De nombreuses femmes ont même rompu les conventions et se sont hissées au sommet de leur société pour diriger seules de vastes empires: Hatchepsout en Égypte, Wu Zetian en Chine et la reine Seondeok en Corée. Et à ce jour, des sociétés matriarcales existent partout dans le monde, parmi lesquelles les Mosuo en Chine, les Minangkabaus en Indonésie, les Akans au Ghana, les Bribri au Costa Rica ou Umoja au Kenya.
Mosuo en Chine
Appelés «le pays où les femmes règnent» ou le «royaume des femmes», les Mosuo se trouvent dans les contreforts des montagnes himalayennes, au bord du lac Lugu dans le sud-ouest de la Chine. Officiellement, le gouvernement chinois les classe comme une minorité ethnique connue sous le nom de Naxi, mais en réalité les Mosuo sont culturellement uniques.
Pour les quelque 40.000 membres du groupe qui s’appellent les Na, la politique de l’enfant unique de la Chine n’a aucune influence. En effet, ils pratiquent le matriarcat depuis des milliers d'années.
Chaque grande maison est dirigée par un ah mi, la matriarche, et la propriété et la lignée sont transmises par la lignée féminine. En règle générale, les femmes s'occupent des affaires et les hommes s'occupent des animaux.
Minangkabau en Indonésie
Quant aux Minangkabaus en Indonésie, cette société d'environ 4,2 millions d'habitants se trouve dans les hautes terres de l'ouest de Sumatra. Les femmes dirigent généralement le domaine domestique tandis que les hommes assument le leadership politique et spirituel. Cependant, les deux sexes estiment que la séparation des pouvoirs les maintient sur un pied d'égalité.

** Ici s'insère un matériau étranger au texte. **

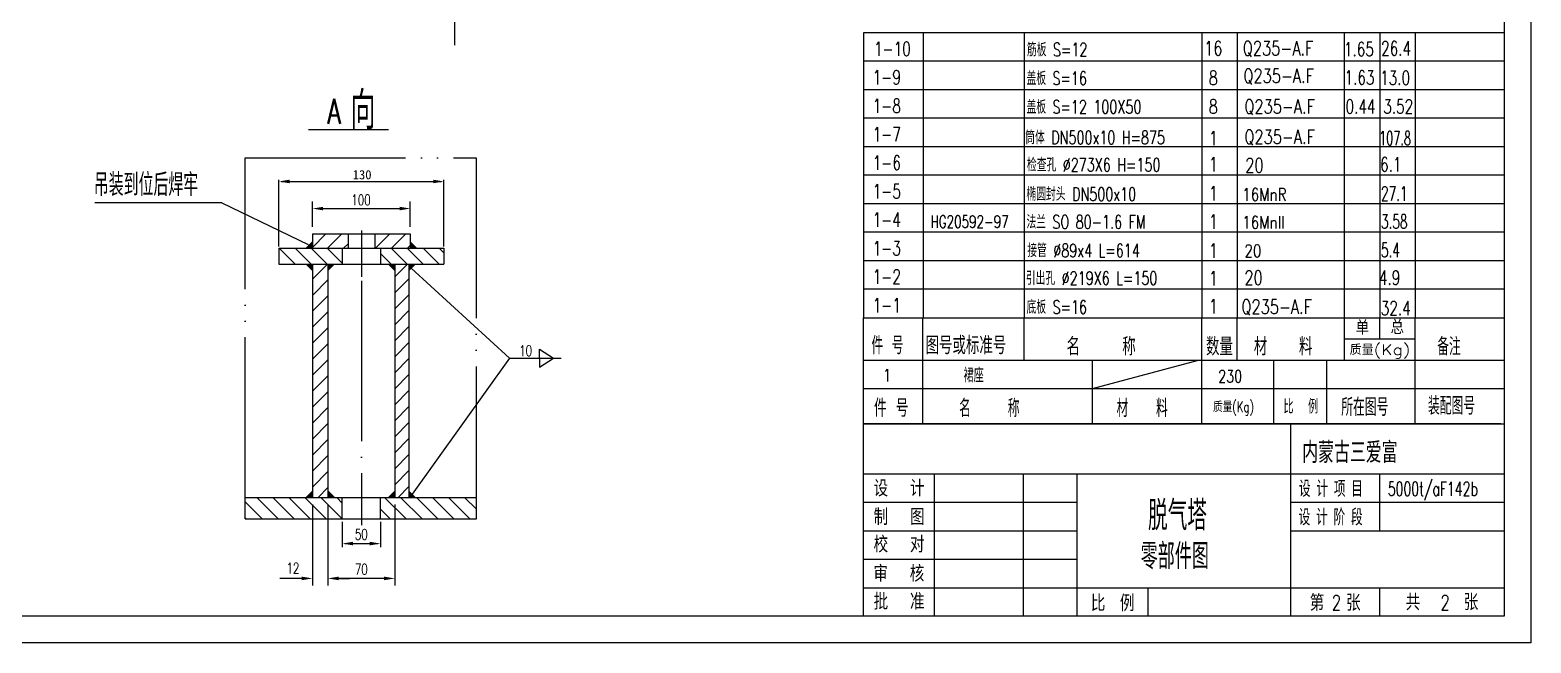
# Model space of a CAD drawing. Extents: x 20656 to 35402, y 221 to 10388.
# Drawn here: x 32029 to 35402, y 221 to 1598 of the extents above; entities that cross this region are included whole.
import ezdxf
from ezdxf.enums import TextEntityAlignment as Align

# ---------------------------------------------------------------- set-up
doc = ezdxf.new("R2010")
doc.units = 0
doc.header["$LTSCALE"] = 12
for name, pattern in [('ACAD_ISO10W100', [18.5, 12, -3, 0.5, -3]), ('DASHDOT-M', [36, 30, -3, 0, -3]), ('DIVIDE-M', [39, 30, -3, 0, -3, 0, -3])]:
    doc.linetypes.add(name, pattern=pattern)
doc.layers.get('0').update_dxf_attribs({"linetype": 'CONTINUOUS'})
for name, color, linetype in [('点划线', 1, 'ACAD_ISO10W100'), ('粗实线', 4, 'CONTINUOUS'), ('细实线', 7, 'CONTINUOUS')]:
    doc.layers.add(name, color=color, linetype=linetype)
doc.styles.add('HZ', font='romans.shx', dxfattribs={"width": 0.7, "height": 48, "bigfont": 'HLFSD.shx'})
doc.styles.add('ROMANS', font='ROMANS', dxfattribs={"width": 0.7, "height": 6})
doc.styles.add('STYLE1', font='', dxfattribs={"width": 0.7})
doc.styles.get('STYLE1').set_extended_font_data('SimSun')

# ---------------------------------------------------------------- blocks, each defined once
blk = doc.blocks.new('BIG')
at = {"layer": '粗实线', "color": 4, "linetype": 'Continuous'}
for p, q in [((0, 54), (180, 54)), ((0, 0), (0, 54)), ((120, 0), (120, 54)), ((0, 40), (180, 40)), ((20, 0), (20, 40)), ((45, 0), (45, 40)), ((60, 0), (60, 40))]:
    blk.add_line(p, q, dxfattribs=at)
at = {"layer": '细实线', "color": 7, "linetype": 'Continuous'}
for p, q in [((145, 24), (145, 40)), ((0, 32), (60, 32)), ((120, 32), (180, 32)), ((0, 24), (60, 24)), ((120, 24), (180, 24)), ((0, 16), (60, 16)), ((0, 8), (180, 8)), ((80, 0), (80, 8)), ((145, 0), (145, 8))]:
    blk.add_line(p, q, dxfattribs=at)
at = {"color": 7, "linetype": 'Continuous', "style": 'STYLE1', "width": 0.75}
for s, p in [('设   计', (10, 36.12)), ('制   图', (10, 28.12)), ('校   对', (10, 20.42)), ('审   核', (9.94, 12.22)), ('批   准', (10, 4.35)), ('比  例', (70, 3.91)), ('第   张', (132.5, 4.03)), ('共      张', (162.5, 4.15))]:
    blk.add_text(s, height=4, dxfattribs=at).set_placement(p, align=Align.MIDDLE)
at = {"color": 7, "linetype": 'Continuous', "style": 'STYLE1', "width": 0.6}
for s, p in [('设 计 项 目', (122.31, 33.94)), ('设 计 阶 段', (122.23, 25.96))]:
    blk.add_text(s, height=4, dxfattribs=at).set_placement(p)

msp = doc.modelspace()

# ---------------------------------------------------------------- linework, layer by layer
for p, q in [((35341.8, 1592), (33901.8, 1592)), ((35341.8, 1528), (33901.8, 1528)), ((35341.8, 1464), (33901.8, 1464)), ((35341.8, 1400), (33901.8, 1400)), ((35341.8, 1336), (33901.8, 1336)), ((32588.2, 1112.2), (32588.2, 1262)), ((32594.2, 1258), (32953.1, 1258)), ((32959.1, 1112.2), (32959.1, 1262)), ((35341.8, 1272), (33901.8, 1272)), ((35341.8, 1208), (33901.8, 1208)), ((32663.6, 1110), (32693.8, 1140.2)), ((32697.7, 1108.2), (32729.7, 1140.2)), ((32733.6, 1108.2), (32743.6, 1118.2)), ((32805.5, 1108.2), (32837.5, 1140.2)), ((32841.4, 1108.2), (32873.4, 1140.2)), ((32877.3, 1108.2), (32883.6, 1114.5)), ((35341.8, 1144), (33901.8, 1144)), ((32625.2, 1072.2), (32589.2, 1108.2)), ((32661.1, 1072.2), (32625.1, 1108.2)), ((32697.1, 1072.2), (32661.1, 1108.2)), ((32730.6, 1074.5), (32697, 1108.2)), ((32840.7, 1072.2), (32816.6, 1096.3)), ((32876.7, 1072.2), (32840.7, 1108.2)), ((32912.6, 1072.2), (32876.6, 1108.2)), ((32948.5, 1072.2), (32912.5, 1108.2)), ((32959.1, 1097.5), (32948.4, 1108.2)), ((35341.8, 1080), (33901.8, 1080)), ((32589.3, 1072.2), (32588.2, 1073.3)), ((32663.6, 1038.2), (32697.6, 1072.2)), ((32848.6, 1043.6), (32877.2, 1072.2)), ((33106.1, 861), (32885.5, 1063.5)), ((32663.6, 1002.2), (32698.6, 1037.2)), ((32848.6, 1007.6), (32880.6, 1039.6)), ((35341.8, 1016), (33901.8, 1016)), ((32663.6, 966.3), (32698.6, 1001.3)), ((32848.6, 971.7), (32880.6, 1003.7)), ((32663.6, 930.4), (32698.6, 965.4)), ((32848.6, 935.8), (32880.6, 967.8)), ((32663.6, 894.5), (32698.6, 929.5)), ((32848.6, 899.9), (32880.6, 931.9)), ((32663.6, 858.6), (32698.6, 893.6)), ((32848.6, 864), (32880.6, 896)), ((33174.1, 881.3), (33205, 861)), ((33174.1, 861), (33174.1, 881.3)), ((34982.7, 904.2), (35141.8, 904.2)), ((32663.6, 822.6), (32698.6, 857.6)), ((32848.6, 828), (32880.6, 860)), ((33106.1, 861), (32887.9, 555.4)), ((33174.1, 840.6), (33205, 861)), ((33174.1, 861), (33174.1, 840.6)), ((32663.6, 786.7), (32698.6, 821.7)), ((32848.6, 792.1), (32880.6, 824.1)), ((32663.6, 750.8), (32698.6, 785.8)), ((32848.6, 756.2), (32880.6, 788.2)), ((32663.6, 714.9), (32698.6, 749.9)), ((32848.6, 720.3), (32880.6, 752.3)), ((32663.6, 679), (32698.6, 714)), ((32848.6, 684.3), (32880.6, 716.3)), ((32663.6, 643), (32698.6, 678)), ((32848.6, 648.4), (32880.6, 680.4)), ((32663.6, 607.1), (32698.6, 642.1)), ((32848.6, 612.5), (32880.6, 644.5)), ((32848.6, 576.6), (32880.6, 608.6)), ((32663.6, 571.2), (32698.6, 606.2)), ((32586.6, 500.2), (32538.6, 548.2)), ((32622.5, 500.2), (32574.5, 548.2)), ((32658.4, 500.2), (32610.4, 548.2)), ((32694.3, 500.2), (32646.3, 548.2)), ((32676.5, 548.2), (32698.6, 570.3)), ((32730.2, 500.2), (32682.2, 548.2)), ((32730.6, 535.7), (32718.2, 548.2)), ((32873.9, 500.2), (32825.9, 548.2)), ((32856.1, 548.2), (32880.6, 572.7)), ((32909.9, 500.2), (32861.9, 548.2)), ((32945.8, 500.2), (32897.8, 548.2)), ((32981.7, 500.2), (32933.7, 548.2)), ((33017.6, 500.2), (32969.6, 548.2)), ((33032, 521.7), (33005.5, 548.2)), ((32550.6, 500.2), (32512.5, 538.3)), ((32838, 500.2), (32816.6, 521.6)), ((32514.7, 500.2), (32512.5, 502.4)), ((32730.6, 493.3), (32730.6, 436.5)), ((32816.6, 493.3), (32816.6, 436.5)), ((32736.6, 444.6), (32810.6, 444.6))]:
    msp.add_line(p, q)
at = {"color": 4}
for p, q in [((33901.8, 1592), (33901.8, 1528)), ((34035.8, 1592), (34035.8, 1528)), ((34262.8, 1592), (34262.8, 1528)), ((34661.8, 1592), (34661.8, 1528)), ((34741.8, 1592), (34741.8, 1528)), ((34981.8, 1592), (34981.8, 1528)), ((35061.8, 1592), (35061.8, 1336)), ((35141.8, 1592), (35141.8, 1528)), ((33901.8, 1528), (33901.8, 1464)), ((34035.8, 1528), (34035.8, 1464)), ((34262.8, 1528), (34262.8, 1464)), ((34661.8, 1528), (34661.8, 1464)), ((34741.8, 1528), (34741.8, 1464)), ((34981.8, 1528), (34981.8, 1464)), ((35141.8, 1528), (35141.8, 1464)), ((33901.8, 1464), (33901.8, 1400)), ((34035.8, 1464), (34035.8, 1400)), ((34262.8, 1464), (34262.8, 1400)), ((34661.8, 1464), (34661.8, 1400)), ((34741.8, 1464), (34741.8, 1400)), ((34981.8, 1464), (34981.8, 1400)), ((35141.8, 1464), (35141.8, 1400)), ((33901.8, 1400), (33901.8, 1336)), ((34035.8, 1400), (34035.8, 1336)), ((34262.8, 1400), (34262.8, 1336)), ((34661.8, 1400), (34661.8, 1336)), ((34741.8, 1400), (34741.8, 1336)), ((34981.8, 1400), (34981.8, 1336)), ((35141.8, 1400), (35141.8, 1336)), ((33901.8, 1336), (33901.8, 1272)), ((34035.8, 1336), (34035.8, 1272)), ((34262.8, 1336), (34262.8, 1272)), ((34661.8, 1336), (34661.8, 1272)), ((34741.8, 1336), (34741.8, 1272)), ((34981.8, 1336), (34981.8, 1272)), ((35061.8, 1336), (35061.8, 1272)), ((35141.8, 1336), (35141.8, 1272)), ((33901.8, 1272), (33901.8, 1208)), ((34035.8, 1272), (34035.8, 1208)), ((34262.8, 1272), (34262.8, 1208)), ((34661.8, 1272), (34661.8, 1208)), ((34741.8, 1272), (34741.8, 1208)), ((34981.8, 1272), (34981.8, 1208)), ((35061.8, 1272), (35061.8, 1208)), ((35141.8, 1272), (35141.8, 1208)), ((33901.8, 1208), (33901.8, 1144)), ((34035.8, 1208), (34035.8, 1144)), ((34262.8, 1208), (34262.8, 1144)), ((34661.8, 1208), (34661.8, 1144)), ((34741.8, 1208), (34741.8, 1144)), ((34981.8, 1208), (34981.8, 1144)), ((35061.8, 1208), (35061.8, 1144)), ((35141.8, 1208), (35141.8, 1144)), ((33901.8, 1144), (33901.8, 1080)), ((34035.8, 1144), (34035.8, 1080)), ((34262.8, 1144), (34262.8, 1080)), ((34661.8, 1144), (34661.8, 1080)), ((34741.8, 1144), (34741.8, 1080)), ((34981.8, 1144), (34981.8, 1080)), ((35061.8, 1144), (35061.8, 1080)), ((35141.8, 1144), (35141.8, 1080)), ((33901.8, 1080), (33901.8, 1016)), ((34035.8, 1080), (34035.8, 1016)), ((34262.8, 1080), (34262.8, 1016)), ((34661.8, 1080), (34661.8, 1016)), ((34741.8, 1080), (34741.8, 1016)), ((34981.8, 1080), (34981.8, 1016)), ((35061.8, 1080), (35061.8, 1016)), ((35141.8, 1080), (35141.8, 1016)), ((33901.8, 1016), (33901.8, 952)), ((34035.8, 1016), (34035.8, 952)), ((34262.8, 1016), (34262.8, 952)), ((34661.8, 1016), (34661.8, 952)), ((34741.8, 1016), (34741.8, 952)), ((34981.8, 1016), (34981.8, 952)), ((35061.8, 1016), (35061.8, 952)), ((35141.8, 1016), (35141.8, 952)), ((34034.9, 856.5), (34034.9, 952)), ((34262.8, 856.5), (34262.8, 952)), ((34661.8, 856.5), (34661.8, 952)), ((34741.3, 856.5), (34741.3, 952)), ((34982.7, 856.5), (34982.7, 952)), ((35062.2, 904.2), (35062.2, 952)), ((35141.8, 856.5), (35141.8, 952))]:
    msp.add_line(p, q, dxfattribs=at)
at = {"color": 3, "linetype": 'DIVIDE-M'}
for p, q in [((32512.5, 548.2), (32512.5, 1310.8)), ((32512.5, 1310.8), (33031.3, 1310.8)), ((33031.3, 1310.8), (33031.3, 549.3))]:
    msp.add_line(p, q, dxfattribs=at)
at = {"color": 7, "linetype": 'Continuous'}
for p, q in [((32460, 1210.2), (32653.8, 1116.1)), ((32663.6, 1156.2), (32663.6, 1213.1)), ((32687.6, 1197.1), (32859.6, 1197.1)), ((32883.6, 1156.2), (32883.6, 1213.1)), ((33901.8, 952), (35341.6, 952)), ((33106.1, 861), (33222.2, 861)), ((33901.8, 856.5), (35341.8, 856.5)), ((34416.2, 792.8), (34654.9, 856.5)), ((33901.8, 792.8), (35341.8, 792.8)), ((35333.8, 713.3), (33901.8, 713.3)), ((32663.6, 532.2), (32663.6, 350.3)), ((32698.6, 532.2), (32698.6, 350.3)), ((32848.6, 532.2), (32848.6, 350.3)), ((32698.6, 484.2), (32698.6, 350.3)), ((32754.6, 444.6), (32778.6, 444.6)), ((32615.6, 366.3), (32590.1, 366.3)), ((32639.6, 366.3), (32615.6, 366.3)), ((32722.6, 366.3), (32746.6, 366.3)), ((32824.6, 366.3), (32722.6, 366.3))]:
    msp.add_line(p, q, dxfattribs=at)
at = {"color": 1, "linetype": 'DASHDOT-M'}
for p, q in [((32773.6, 1148), (32773.6, 1043.9)), ((32773.6, 1034.6), (32773.6, 485.9))]:
    msp.add_line(p, q, dxfattribs=at)
at = {"color": 4, "linetype": 'Continuous'}
for p, q in [((32663.6, 1140.2), (32883.6, 1140.2)), ((32663.6, 1140.2), (32663.6, 1108.2)), ((32743.6, 1140.2), (32743.6, 1108.2)), ((32803.6, 1140.2), (32803.6, 1108.2)), ((32883.6, 1140.2), (32883.6, 1108.2)), ((32588.2, 1108.2), (32959.2, 1108.2)), ((32588.2, 1108.2), (32588.2, 1072.2)), ((32730.6, 1108.2), (32730.6, 1072.2)), ((32816.6, 1108.2), (32816.6, 1072.2)), ((32959.1, 1108.2), (32959.1, 1072.2)), ((32588.2, 1072.2), (32959.2, 1072.2)), ((32663.6, 1072.2), (32663.6, 548.2)), ((32698.6, 1072.2), (32698.6, 548.2)), ((32848.6, 1072.2), (32848.6, 548.2)), ((32880.6, 1072.2), (32880.6, 548.2)), ((33901.8, 856.5), (33901.8, 952)), ((34034.9, 856.5), (34034.9, 952)), ((34262.8, 856.5), (34262.8, 952)), ((34661.8, 856.5), (34661.8, 952)), ((34741.3, 856.5), (34741.3, 952)), ((34982.7, 856.5), (34982.7, 952)), ((35062.2, 904.2), (35062.2, 952)), ((35141.8, 856.5), (35141.8, 952)), ((33901.8, 713.3), (33901.8, 856.5)), ((34034.9, 713.3), (34034.9, 856.5)), ((34416.2, 713.3), (34416.2, 856.5)), ((34416.2, 713.3), (34416.2, 856.5)), ((34661.8, 713.3), (34661.8, 856.5)), ((34661.8, 713.3), (34661.8, 856.5)), ((34823.5, 856.5), (34823.5, 713.3)), ((34823.5, 856.5), (34823.5, 713.3)), ((34942.9, 713.3), (34942.9, 856.5)), ((34942.9, 713.3), (34942.9, 856.5)), ((35141.8, 713.3), (35141.8, 856.5)), ((35141.8, 713.3), (35141.8, 856.5)), ((32512.5, 548.2), (33032, 548.2)), ((32512.5, 500.2), (32512.5, 548.2)), ((32730.6, 500.2), (32730.6, 548.2)), ((32816.6, 500.2), (32816.6, 548.2)), ((33032, 500.2), (33032, 548.2)), ((32512.5, 500.2), (33032, 500.2))]:
    msp.add_line(p, q, dxfattribs=at)
for points in [[(32612.2, 1262), (32612.2, 1254), (32588.2, 1258)], [(32935.1, 1262), (32935.1, 1254), (32959.1, 1258)]]:
    msp.add_solid(points)
at = {"color": 7, "linetype": 'Continuous'}
for points in [[(32687.6, 1201.1), (32687.6, 1193.1), (32663.6, 1197.1)], [(32859.6, 1201.1), (32859.6, 1193.1), (32883.6, 1197.1)], [(32663.6, 1108.2), (32647.6, 1108.2), (32663.6, 1124.2)], [(32883.6, 1108.2), (32883.6, 1124.2), (32899.6, 1108.2)], [(32663.6, 1072.2), (32647.6, 1072.2), (32663.6, 1056.2)], [(32698.6, 1072.2), (32714.6, 1072.2), (32698.6, 1056.2)], [(32848.6, 1072.2), (32832.6, 1072.2), (32848.6, 1056.2)], [(32880.6, 1072.2), (32896.6, 1072.2), (32880.6, 1056.2)], [(32663.6, 548.2), (32663.6, 564.2), (32647.6, 548.2)], [(32698.6, 548.2), (32698.6, 564.2), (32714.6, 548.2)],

Bien que le chef de clan soit toujours un homme, les femmes choisissent le chef et peuvent le démettre de ses fonctions si elles estiment qu'il n'a pas rempli ses fonctions.
Akan au Ghana
Les Akans sont majoritaires au Ghana. L'organisation sociale Akan est fondamentalement construite autour du matriclan dans lequel l'identité, l'héritage, la richesse et la politique sont tous déterminés.
Tous les fondateurs de matriclan sont des femmes, mais les hommes occupent traditionnellement des postes de direction au sein de la société. Cependant, ces rôles hérités sont transmis de manière matrilinéaire, c'est-à-dire par les mères et les sœurs d'un homme (et leurs enfants). On s'attend souvent à ce que l'homme subvienne non seulement aux besoins de sa propre famille, mais aussi à ceux de ses parentes.
Bribri au Costa Rica
Les Bribri sont un peuple indigène de la province de Limon au Costa Rica et au Panama qui compte entre 12.000 et 35.000 membres. Leur société fonctionne sur une ligne matrilinéaire. Les femmes transmettent la terre à leurs enfants et la tradition et la lignée tribale à leurs petits-enfants. Chaque Bribri appartient à un «clan» qui est déterminé par sa mère.
Seules les femmes sont autorisées à préparer la boisson traditionnelle au cacao utilisée dans les rituels sacrés, ce qui leur confère une certaine supériorité spirituelle. Selon la légende de Bribri, le cacaoyer était une femme transformée en arbre par les dieux.
Umoja au Kenya
Umoja est un exemple inhabituel de matriarcat où les hommes sont interdits. Un véritable no man’s land, le village des prairies de Samburu, au nord du Kenya, abrite des survivants d’agressions sexuelles et de violences sexistes. Il est entouré d'une clôture épineuse pour empêcher tous les visiteurs masculins d'entrer.
La matriarche d'Umoja, Rebecca Lolosoli, a fondé le village en 1990 avec 15 survivants de viols aux mains de soldats britanniques. Lolosoli elle-même se remettait d’une attaque par un groupe d’hommes en guise de punition pour avoir fait connaître les droits des femmes dans son village.